[Stored dataset items]
═══

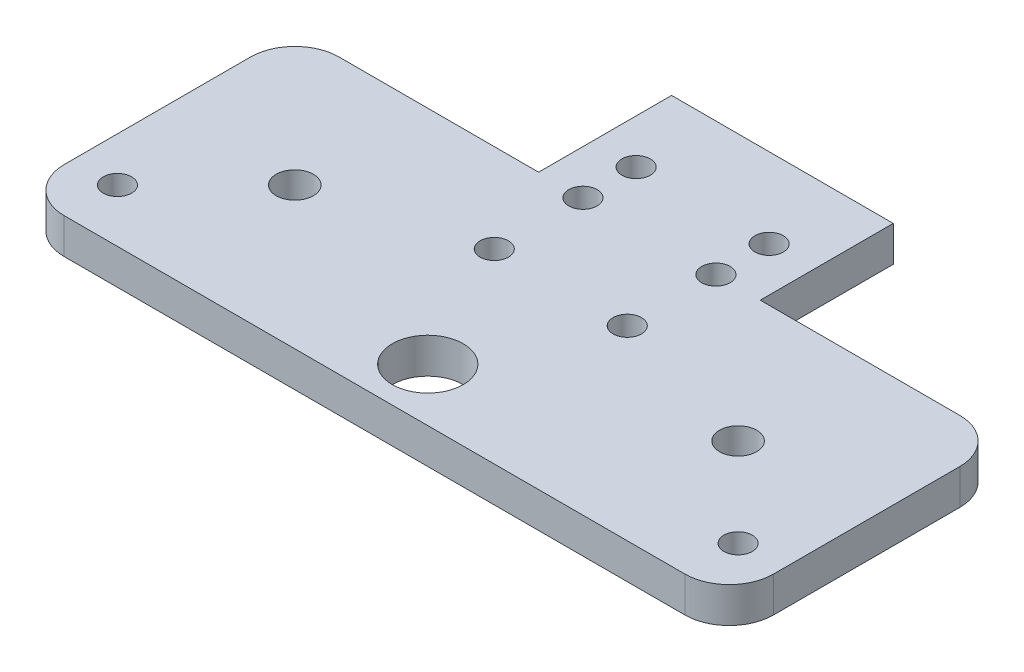
ISO-10303-21;
HEADER;
FILE_DESCRIPTION(('STEP AP214'),'2;1');
FILE_NAME('part.step','',(''),(''),'','','');
FILE_SCHEMA(('AUTOMOTIVE_DESIGN { 1 0 10303 214 1 1 1 1 }'));
ENDSEC;
DATA;
#1=APPLICATION_CONTEXT('core data for automotive mechanical design processes');
#2=APPLICATION_PROTOCOL_DEFINITION('international standard','automotive_design',2000,#1);
#3=PRODUCT_CONTEXT('',#1,'mechanical');
#4=PRODUCT('Part','Part','',(#3));
#5=PRODUCT_RELATED_PRODUCT_CATEGORY('part','',(#4));
#6=PRODUCT_DEFINITION_FORMATION('','',#4);
#7=PRODUCT_DEFINITION_CONTEXT('part definition',#1,'design');
#8=PRODUCT_DEFINITION('design','',#6,#7);
#9=PRODUCT_DEFINITION_SHAPE('','',#8);
#10=(LENGTH_UNIT() NAMED_UNIT(*) SI_UNIT(.MILLI.,.METRE.));
#11=(NAMED_UNIT(*) PLANE_ANGLE_UNIT() SI_UNIT($,.RADIAN.));
#12=(NAMED_UNIT(*) SI_UNIT($,.STERADIAN.) SOLID_ANGLE_UNIT());
#13=UNCERTAINTY_MEASURE_WITH_UNIT(LENGTH_MEASURE(1.E-05),#10,'distance_accuracy_value','');
#14=(GEOMETRIC_REPRESENTATION_CONTEXT(3) GLOBAL_UNCERTAINTY_ASSIGNED_CONTEXT((#13)) GLOBAL_UNIT_ASSIGNED_CONTEXT((#10,
#11,#12)) REPRESENTATION_CONTEXT('',''));
#15=CARTESIAN_POINT('',(0.,0.,0.));
#16=DIRECTION('',(0.,0.,1.));
#17=DIRECTION('',(1.,0.,0.));
#18=AXIS2_PLACEMENT_3D('',#15,#16,#17);
#19=CARTESIAN_POINT('',(-35.,4.,21.));
#20=DIRECTION('',(0.,1.,0.));
#21=DIRECTION('',(0.,0.,1.));
#22=AXIS2_PLACEMENT_3D('',#19,#20,#21);
#23=PLANE('',#22);
#24=CARTESIAN_POINT('',(-25.,4.,10.));
#25=DIRECTION('',(0.,1.,0.));
#26=DIRECTION('',(0.,0.,1.));
#27=AXIS2_PLACEMENT_3D('',#24,#25,#26);
#28=CIRCLE('',#27,2.1);
#29=CARTESIAN_POINT('',(-25.,4.,12.1));
#30=VERTEX_POINT('',#29);
#31=EDGE_CURVE('E319',#30,#30,#28,.T.);
#32=ORIENTED_EDGE('',*,*,#31,.F.);
#33=EDGE_LOOP('',(#32));
#34=FACE_BOUND('',#33,.T.);
#35=CARTESIAN_POINT('',(35.,4.,20.));
#36=DIRECTION('',(0.,1.,0.));
#37=DIRECTION('',(0.,0.,1.));
#38=AXIS2_PLACEMENT_3D('',#35,#36,#37);
#39=CIRCLE('',#38,1.6);
#40=CARTESIAN_POINT('',(35.,4.,21.6));
#41=VERTEX_POINT('',#40);
#42=EDGE_CURVE('E331',#41,#41,#39,.T.);
#43=ORIENTED_EDGE('',*,*,#42,.F.);
#44=EDGE_LOOP('',(#43));
#45=FACE_BOUND('',#44,.T.);
#46=CARTESIAN_POINT('',(7.5,4.,-5.));
#47=DIRECTION('',(0.,1.,0.));
#48=DIRECTION('',(0.,0.,1.));
#49=AXIS2_PLACEMENT_3D('',#46,#47,#48);
#50=CIRCLE('',#49,1.6);
#51=CARTESIAN_POINT('',(7.5,4.,-3.4));
#52=VERTEX_POINT('',#51);
#53=EDGE_CURVE('E343',#52,#52,#50,.T.);
#54=ORIENTED_EDGE('',*,*,#53,.F.);
#55=EDGE_LOOP('',(#54));
#56=FACE_BOUND('',#55,.T.);
#57=CARTESIAN_POINT('',(7.5,4.,5.));
#58=DIRECTION('',(0.,1.,0.));
#59=DIRECTION('',(0.,0.,1.));
#60=AXIS2_PLACEMENT_3D('',#57,#58,#59);
#61=CIRCLE('',#60,1.6);
#62=CARTESIAN_POINT('',(7.5,4.,6.6));
#63=VERTEX_POINT('',#62);
#64=EDGE_CURVE('E355',#63,#63,#61,.T.);
#65=ORIENTED_EDGE('',*,*,#64,.F.);
#66=EDGE_LOOP('',(#65));
#67=FACE_BOUND('',#66,.T.);
#68=CARTESIAN_POINT('',(7.5,4.,-11.));
#69=DIRECTION('',(0.,1.,0.));
#70=DIRECTION('',(0.,0.,1.));
#71=AXIS2_PLACEMENT_3D('',#68,#69,#70);
#72=CIRCLE('',#71,1.6);
#73=CARTESIAN_POINT('',(7.5,4.,-9.4));
#74=VERTEX_POINT('',#73);
#75=EDGE_CURVE('E367',#74,#74,#72,.T.);
#76=ORIENTED_EDGE('',*,*,#75,.F.);
#77=EDGE_LOOP('',(#76));
#78=FACE_BOUND('',#77,.T.);
#79=CARTESIAN_POINT('',(-35.,4.,21.));
#80=DIRECTION('',(0.,1.,0.));
#81=DIRECTION('',(0.,0.,1.));
#82=AXIS2_PLACEMENT_3D('',#79,#80,#81);
#83=CIRCLE('',#82,5.);
#84=CARTESIAN_POINT('',(-40.,4.,21.));
#85=VERTEX_POINT('',#84);
#86=CARTESIAN_POINT('',(-35.,4.,26.));
#87=VERTEX_POINT('',#86);
#88=EDGE_CURVE('E177',#85,#87,#83,.T.);
#89=ORIENTED_EDGE('',*,*,#88,.T.);
#90=DIRECTION('',(1.,0.,0.));
#91=VECTOR('',#90,1.);
#92=CARTESIAN_POINT('',(-35.,4.,26.));
#93=LINE('',#92,#91);
#94=CARTESIAN_POINT('',(35.,4.,26.));
#95=VERTEX_POINT('',#94);
#96=EDGE_CURVE('E105',#87,#95,#93,.T.);
#97=ORIENTED_EDGE('',*,*,#96,.T.);
#98=CARTESIAN_POINT('',(35.,4.,21.));
#99=DIRECTION('',(0.,1.,0.));
#100=DIRECTION('',(0.,0.,1.));
#101=AXIS2_PLACEMENT_3D('',#98,#99,#100);
#102=CIRCLE('',#101,5.);
#103=CARTESIAN_POINT('',(40.,4.,21.));
#104=VERTEX_POINT('',#103);
#105=EDGE_CURVE('E204',#95,#104,#102,.T.);
#106=ORIENTED_EDGE('',*,*,#105,.T.);
#107=DIRECTION('',(0.,0.,-1.));
#108=VECTOR('',#107,1.);
#109=CARTESIAN_POINT('',(40.,4.,21.));
#110=LINE('',#109,#108);
#111=CARTESIAN_POINT('',(40.,4.,0.));
#112=VERTEX_POINT('',#111);
#113=EDGE_CURVE('E223',#104,#112,#110,.T.);
#114=ORIENTED_EDGE('',*,*,#113,.T.);
#115=CARTESIAN_POINT('',(35.,4.,0.));
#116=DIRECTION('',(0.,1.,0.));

═══

PROBLEM REQUIREMENTS: Send back an exact copy of only the lines from the line with "#8=PRODUCT_DEFINITION('design','',#6,#7);" up to and including the line with "#12=(NAMED_UNIT(*) SI_UNIT($,.STERADIAN.) SOLID_ANGLE_UNIT());" in the data above.

THE ANSWER:
#8=PRODUCT_DEFINITION('design','',#6,#7);
#9=PRODUCT_DEFINITION_SHAPE('','',#8);
#10=(LENGTH_UNIT() NAMED_UNIT(*) SI_UNIT(.MILLI.,.METRE.));
#11=(NAMED_UNIT(*) PLANE_ANGLE_UNIT() SI_UNIT($,.RADIAN.));
#12=(NAMED_UNIT(*) SI_UNIT($,.STERADIAN.) SOLID_ANGLE_UNIT());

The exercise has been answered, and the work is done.